Hey where did everyone go? It’s been 24 hrs without sleep and my Brisket and Butts are at 172*.  I don’t know why I’m bothering to type this when the adults wake up tomorrow this post will be gone like Joker’s youth…and Puff’s daddy……we might need you boat Puff because I think we are up a certain creek without a paddle.


----------



## ScottyDaQ (May 27, 2006)

I started mine a litte while ago. wanted to have it ready for dinner. watch the race, and eat some fresh Q. Mmmmm


----------



## Puff1 (May 27, 2006)

wittdog said:
			
		

> Hey where did everyone go? It’s been 24 hrs without sleep and my Brisket and Butts are at 172*.  I don’t know why I’m bothering to type this when the adults wake up tomorrow this post will be gone like Joker’s youth…and Puff’s daddy……we might need you boat Puff because I think we are up a certain creek without a paddle.



Nope still here  
Wake up Dog :!:


----------



## wittdog (May 27, 2006)

Well the meat is done. I had some fire control issues with the charcoal basket, but it doesn’t seem to have effected the finished product. I'll try to get pics of the finished stuff but I'm going to have a housefull after the little guys game……I’m still in denial about my food porn obsession.  The one thing I did notice is it doesn’t seem like I got that real nice smoke ring like I got on the last brisket I did.  :-k I think it’s because I used more pecan than cherry?


----------



## Cliff H. (May 27, 2006)

Looks very good.


----------



## Guest (May 27, 2006)

Just using charcoal or lump charcoal should give you a smoke ring.  I've read some discussions about certain ingredients in rubs inhibiting the formation of the smoke ring but I've never seen any conclusive proof.


----------



## ScottyDaQ (May 27, 2006)

Looks great !

CUT IT UP !!!!
 =P~  =P~  =P~  =P~  =P~  =P~  =P~


----------



## wittdog (May 27, 2006)

The Joker said:
			
		

> Just using charcoal or lump charcoal should give you a smoke ring.  I've read some discussions about certain ingredients in rubs inhibiting the formation of the smoke ring but I've never seen any conclusive proof.

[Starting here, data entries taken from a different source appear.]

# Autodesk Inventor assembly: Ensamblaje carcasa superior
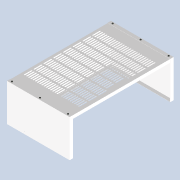
[picture p0: Inventor's stored thumbnail of the model, 180x180]
Saved by Autodesk Inventor 2021 (Build 250183000, 183)
## iProperties
Created: 2021-04-15
Part Number: Ensamblaje carcasa superior
Document SubType Name: Assembly
Designer: Admin
Mass: 3693.67 g
Surface Area: 11669.8 cm^2
Volume: 469.216 cm^3
Density: 7.872 g/cm^3
Author: Admin
## Documents named in this file (7)
- E:\Documentos\Documentos\Michael_Rodriguez\Universidad_Nacional\Doceaba matricula\PAI\Proyecto PAI\Proyecto_PAI_2021\01 CAD\Ensamblaje carcasa superior.iam
- E:\Documentos\Documentos\Michael_Rodriguez\Universidad_Nacional\Doceaba matricula\PAI\Proyecto PAI\Proyecto_PAI_2021\01 CAD\Tapa_superior_superior.ipt
- E:\Documentos\Documentos\Michael_Rodriguez\Universidad_Nacional\Doceaba matricula\PAI\Proyecto PAI\Proyecto_PAI_2021\01 CAD\Tapa_superior_izquierda.ipt
- E:\Documentos\Documentos\Michael_Rodriguez\Universidad_Nacional\Doceaba matricula\PAI\Proyecto PAI\Proyecto_PAI_2021\01 CAD\Tapa_superior_derecha.ipt
- E:\Documentos\Documentos\Michael_Rodriguez\Universidad_Nacional\Doceaba matricula\PAI\Proyecto PAI\Proyecto_PAI_2021\01 CAD\ISO 7380-1 - M5 x 8.ipt
- E:\Documentos\Documentos\Michael_Rodriguez\Universidad_Nacional\Doceaba matricula\PAI\Proyecto PAI\Proyecto_PAI_2021\01 CAD\BS 4320 - M5 (Forma A).ipt
- E:\Documentos\Documentos\Michael_Rodriguez\Universidad_Nacional\Doceaba matricula\PAI\Proyecto PAI\Proyecto_PAI_2021\01 CAD\BS 4183 - M5(1).ipt
## Components (33 placed, 6 different names)
1. Tapa_superior_superior:1 — Coincidencia:1, Coincidencia:2, Coincidencia:3, Coincidencia:4, Coincidencia:5, Coincidencia:6, De rotación:23, De rotación:24, De rotación:25, De rotación:26, De rotación:27, De rotación:28, De rotación:29, De rotación:30, De rotación:31, De rotación:32
2. Tapa_superior_izquierda:1 — Coincidencia:1, Coincidencia:2, Coincidencia:3, De rotación:5, De rotación:6, De rotación:7, De rotación:10, De rotación:11
3. Tapa_superior_derecha:1 — Coincidencia:4, Coincidencia:5, Coincidencia:6, De rotación:1, De rotación:3, De rotación:4, De rotación:8, De rotación:9
4. ISO 7380-1 M5 x 8:1 — De rotación:2
5. ISO 7380-1 M5 x 8:3 — De rotación:15
6. ISO 7380-1 M5 x 8:4 — De rotación:12
7. ISO 7380-1 M5 x 8:5 — De rotación:13
8. ISO 7380-1 M5 x 8:6 — De rotación:14
9. ISO 7380-1 M5 x 8:7 — De rotación:18
10. ISO 7380-1 M5 x 8:8 — De rotación:19
11. ISO 7380-1 M5 x 8:9 — De rotación:16
12. ISO 7380-1 M5 x 8:10 — De rotación:17
13. BS 4320 Forma AB M5 (Forma A):1 — De rotación:3, De rotación:15
14. BS 4320 Forma AB M5 (Forma A):2 — De rotación:1, De rotación:2
15. BS 4320 Forma AB M5 (Forma A):3 — De rotación:4, De rotación:20
16. BS 4320 Forma AB M5 (Forma A):4 — De rotación:5, De rotación:12
17. BS 4320 Forma AB M5 (Forma A):5 — De rotación:7, De rotación:14
18. BS 4320 Forma AB M5 (Forma A):6 — De rotación:6, De rotación:13
19. BS 4320 Forma AB M5 (Forma A):7 — De rotación:8, De rotación:18
20. BS 4320 Forma AB M5 (Forma A):8 — De rotación:9, De rotación:19
21. BS 4320 Forma AB M5 (Forma A):9 — De rotación:10, De rotación:16
22. BS 4320 Forma AB M5 (Forma A):10 — De rotación:11, De rotación:17
23. ISO 7380-1 M5 x 8:11 — De rotación:20
24. BS 4183 - Métrico M5:1 — De rotación:23
25. BS 4183 - Métrico M5:2 — De rotación:25
26. BS 4183 - Métrico M5:3 — De rotación:24
27. BS 4183 - Métrico M5:4 — De rotación:26
28. BS 4183 - Métrico M5:5 — De rotación:27
29. BS 4183 - Métrico M5:6 — De rotación:28
30. BS 4183 - Métrico M5:7 — De rotación:29
31. BS 4183 - Métrico M5:8 — De rotación:30
32. BS 4183 - Métrico M5:9 — De rotación:31
33. BS 4183 - Métrico M5:10 — De rotación:32
## Relationships (36: RevoluteJoint 30, Mate 6)
- Coincidencia:1 [Mate]: Tapa_superior_superior:1 ↔ Tapa_superior_izquierda:1
- Coincidencia:2 [Mate]: Tapa_superior_superior:1 ↔ Tapa_superior_izquierda:1
- Coincidencia:3 [Mate]: Tapa_superior_superior:1 ↔ Tapa_superior_izquierda:1
- Coincidencia:4 [Mate]: Tapa_superior_superior:1 ↔ Tapa_superior_derecha:1
- Coincidencia:5 [Mate]: Tapa_superior_superior:1 ↔ Tapa_superior_derecha:1
- Coincidencia:6 [Mate]: Tapa_superior_superior:1 ↔ Tapa_superior_derecha:1
- De rotación:1 [RevoluteJoint]: Tapa_superior_derecha:1 ↔ BS 4320 Forma AB M5 (Forma A):2
- De rotación:2 [RevoluteJoint]: ISO 7380-1 M5 x 8:1 ↔ BS 4320 Forma AB M5 (Forma A):2
- De rotación:3 [RevoluteJoint]: Tapa_superior_derecha:1 ↔ BS 4320 Forma AB M5 (Forma A):1
- De rotación:4 [RevoluteJoint]: Tapa_superior_derecha:1 ↔ BS 4320 Forma AB M5 (Forma A):3
- De rotación:5 [RevoluteJoint]: Tapa_superior_izquierda:1 ↔ BS 4320 Forma AB M5 (Forma A):4
- De rotación:6 [RevoluteJoint]: Tapa_superior_izquierda:1 ↔ BS 4320 Forma AB M5 (Forma A):6
- De rotación:7 [RevoluteJoint]: Tapa_superior_izquierda:1 ↔ BS 4320 Forma AB M5 (Forma A):5
- De rotación:8 [RevoluteJoint]: Tapa_superior_derecha:1 ↔ BS 4320 Forma AB M5 (Forma A):7
- De rotación:9 [RevoluteJoint]: Tapa_superior_derecha:1 ↔ BS 4320 Forma AB M5 (Forma A):8
- De rotación:10 [RevoluteJoint]: Tapa_superior_izquierda:1 ↔ BS 4320 Forma AB M5 (Forma A):9
- De rotación:11 [RevoluteJoint]: Tapa_superior_izquierda:1 ↔ BS 4320 Forma AB M5 (Forma A):10
- De rotación:12 [RevoluteJoint]: ISO 7380-1 M5 x 8:4 ↔ BS 4320 Forma AB M5 (Forma A):4
- De rotación:13 [RevoluteJoint]: ISO 7380-1 M5 x 8:5 ↔ BS 4320 Forma AB M5 (Forma A):6
- De rotación:14 [RevoluteJoint]: ISO 7380-1 M5 x 8:6 ↔ BS 4320 Forma AB M5 (Forma A):5
- De rotación:15 [RevoluteJoint]: ISO 7380-1 M5 x 8:3 ↔ BS 4320 Forma AB M5 (Forma A):1
- De rotación:16 [RevoluteJoint]: ISO 7380-1 M5 x 8:9 ↔ BS 4320 Forma AB M5 (Forma A):9
- De rotación:17 [RevoluteJoint]: ISO 7380-1 M5 x 8:10 ↔ BS 4320 Forma AB M5 (Forma A):10
- De rotación:18 [RevoluteJoint]: ISO 7380-1 M5 x 8:7 ↔ BS 4320 Forma AB M5 (Forma A):7
- De rotación:19 [RevoluteJoint]: ISO 7380-1 M5 x 8:8 ↔ BS 4320 Forma AB M5 (Forma A):8
- De rotación:20 [RevoluteJoint]: BS 4320 Forma AB M5 (Forma A):3 ↔ ISO 7380-1 M5 x 8:11
- De rotación:23 [RevoluteJoint]: Tapa_superior_superior:1 ↔ BS 4183 - Métrico M5:1
- De rotación:24 [RevoluteJoint]: Tapa_superior_superior:1 ↔ BS 4183 - Métrico M5:3
- De rotación:25 [RevoluteJoint]: Tapa_superior_superior:1 ↔ BS 4183 - Métrico M5:2
- De rotación:26 [RevoluteJoint]: Tapa_superior_superior:1 ↔ BS 4183 - Métrico M5:4
- De rotación:27 [RevoluteJoint]: Tapa_superior_superior:1 ↔ BS 4183 - Métrico M5:5
- De rotación:28 [RevoluteJoint]: Tapa_superior_superior:1 ↔ BS 4183 - Métrico M5:6
- De rotación:29 [RevoluteJoint]: Tapa_superior_superior:1 ↔ BS 4183 - Métrico M5:7
- De rotación:30 [RevoluteJoint]: Tapa_superior_superior:1 ↔ BS 4183 - Métrico M5:8
- De rotación:31 [RevoluteJoint]: Tapa_superior_superior:1 ↔ BS 4183 - Métrico M5:9
- De rotación:32 [RevoluteJoint]: Tapa_superior_superior:1 ↔ BS 4183 - Métrico M5:10

I have a smoke ring it just doesn't look like the last one, like this


----------



## Guest (May 27, 2006)

The only other thing I can think of off the top of my head is, smoke ring formation stops once the meat reaches around 140º (138º I think) so if you let your meat come to room temperature before putting it on, there will be less of a smoke ring than if you put it on at less than 40º.


----------



## wittdog (May 27, 2006)

The Joker said:
			
		

> The only other thing I can think of off the top of my head is, smoke ring formation stops once the meat reaches around 140º (138º I think) so if you let your meat come to room temperature before putting it on, there will be less of a smoke ring than if you put it on at less than 40º.


Nope I always go straight from the fridge to the smoker.........I got to believe its the wood choice. I've noticed color differences in the electric with using just hickory or hickory/cherry or straight cherry. IMHO the cherry is what give it that nice color. Even when I clean the ashes in buford the cheery cook ashes have a reddish tint....... :-k


----------



## Puff1 (May 27, 2006)

Looks awesome Dog =D> 


I hope your'e getting some much needed rest now


----------



## john pen (May 28, 2006)

Looks good, where'd you score the brisket ?


----------



## wittdog (May 28, 2006)

john pen said:
			
		

> Looks good, where'd you score the brisket ?


Market in the Square the grocery store right down the street. That had a whole cooler full.


----------



## Nick Prochilo (May 29, 2006)

wittdog said:
			
		

> The Joker said:
> 
> 
> 
> ...



I'd eat that!


----------